Two types of precursors are responsible for fouling – those not part of the fluid (contaminants or suspended solids, e.g., corrosion products, coke, salts), and precipitated solids which are initially dissolved in the fluid (e.g., asphaltenes, polymers, some salts). The precipitation of precursors can happen upstream or within the heat exchanger. The contaminants and precipitated salts will simply deposit but not undergo any chemical conversion at the heat exchanger conditions, while the organic precipitated precursors will thermally degrade to coke-like material with temperature and time.

For fouling specific terminology, we will define “coke” as organic material which has undergone thermal conversion at high temperatures (450+ C) and which is no longer soluble in aromatic solvents like toluene; for example, coke formed in the bottom of the vacuum column. “Coke-like” material is the state of partially converted organic precursors with the conversion happening in the heat exchanger due to the relatively high tube wall temperature (250-350 C).

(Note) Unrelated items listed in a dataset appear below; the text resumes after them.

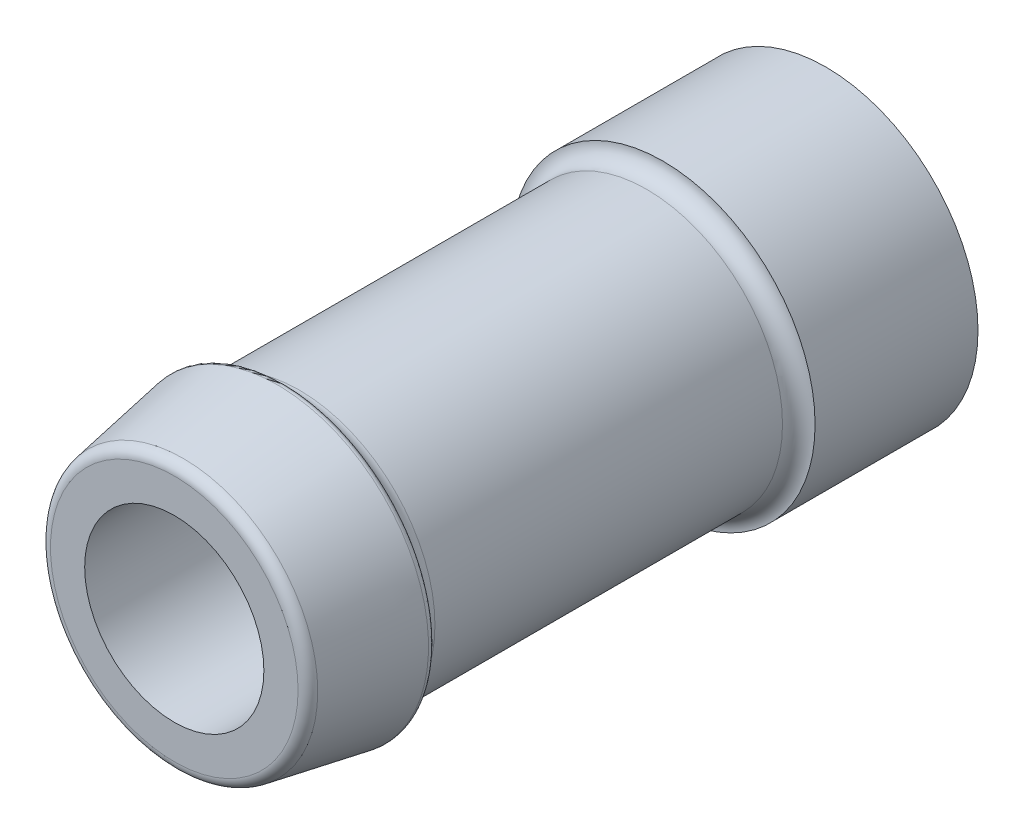
from build123d import *

# Parameters (mm, degrees)
SKETCH1_R           = 7.112
BOSS_EXTRUDE1_DEPTH = 30.48
SKETCH2_R           = 4.191
CUT_EXTRUDE1_DEPTH  = 30.48
CUT_EXTRUDE2_START  = -5.08
SKETCH3_R           = 7.874
SKETCH3_R_2         = 6.35
CUT_EXTRUDE2_DEPTH  = 17.78
FILLET1_R           = 0.762
FILLET2_R           = 0.762
CHAMFER1_SIZE       = 5.08
CHAMFER1_SIZE_2     = 0.895741062
FILLET3_R           = 0.508
FILLET4_R           = 0.254


# Some blends are built 0.0001 mm under size
with BuildPart() as part:
    # Sketch1 → Boss-Extrude1 (new body)
    with BuildSketch(Plane.XY):
        with Locations(Location((0, 0, 0), (0, 0, 180))):
            Circle(SKETCH1_R)
    extrude(amount=BOSS_EXTRUDE1_DEPTH)

    # Sketch2 → Cut-Extrude1 (cut)
    with BuildSketch(Plane.XY.offset(30.48)):
        Circle(SKETCH2_R)
    extrude(amount=-CUT_EXTRUDE1_DEPTH, mode=Mode.SUBTRACT)

    # Sketch3 → Cut-Extrude2 (cut)
    with BuildSketch(Plane.XY.offset(30.48).offset(CUT_EXTRUDE2_START)):
        Circle(SKETCH3_R)
        Circle(SKETCH3_R_2, mode=Mode.SUBTRACT)
    extrude(amount=-CUT_EXTRUDE2_DEPTH, mode=Mode.SUBTRACT)

    # Fillet1
    fillet1_edges = [part.edges().sort_by_distance(p)[0] for p in [
        (-6.35, 0, 7.62),
    ]]
    fillet(fillet1_edges, radius=FILLET1_R - 0.0001)  # a hair under: the kernel refuses the full size

    # Fillet2
    fillet2_edges = [part.edges().sort_by_distance(p)[0] for p in [
        (-6.35, 0, 25.4),
    ]]
    fillet(fillet2_edges, radius=FILLET2_R - 0.0001)  # a hair under: the kernel refuses the full size

    # Chamfer1
    # the kernel refuses this chamfer: 5.08, 0.895741062 mm, written as the material it takes off along each edge
    with BuildSketch(Plane(origin=(0, 0, 30.48), x_dir=(-1, 0, 0), z_dir=(0, 1, 0))) as chamfer1_piece_1:
        Polygon((7.112, -CHAMFER1_SIZE), (7.112 - CHAMFER1_SIZE_2, 0), (7.112, 0), align=None)
    revolve(axis=Axis((0, 0, 30.48), (0, 0, 1)), mode=Mode.SUBTRACT)

    # Fillet3
    fillet3_edges = [part.edges().sort_by_distance(p)[0] for p in [
        (6.216258938, 0, 30.48),
    ]]
    fillet(fillet3_edges, radius=FILLET3_R)

    # Fillet4
    fillet4_edges = [part.edges().sort_by_distance(p)[0] for p in [
        (7.112, 0, 25.4),
    ]]
    fillet(fillet4_edges, radius=FILLET4_R)


solid = part.part

A clear distinguishing parameter between the two is the atomic hydrogen-to-carbon ratio (H/C) which will typically be < 0.70 for coke and 0.80-0.90 for coke-like material formed in heat exchangers. The three following sections describe the fouling processes for the three fluid phases mentioned earlier. Note that carryover of inorganic material, especially corrosion products like iron sulfide, can make heat exchangers foul that otherwise wouldn’t foul from any other mechanism.

Fig. 1. Deposition of precursors in the boundary layer near the wall.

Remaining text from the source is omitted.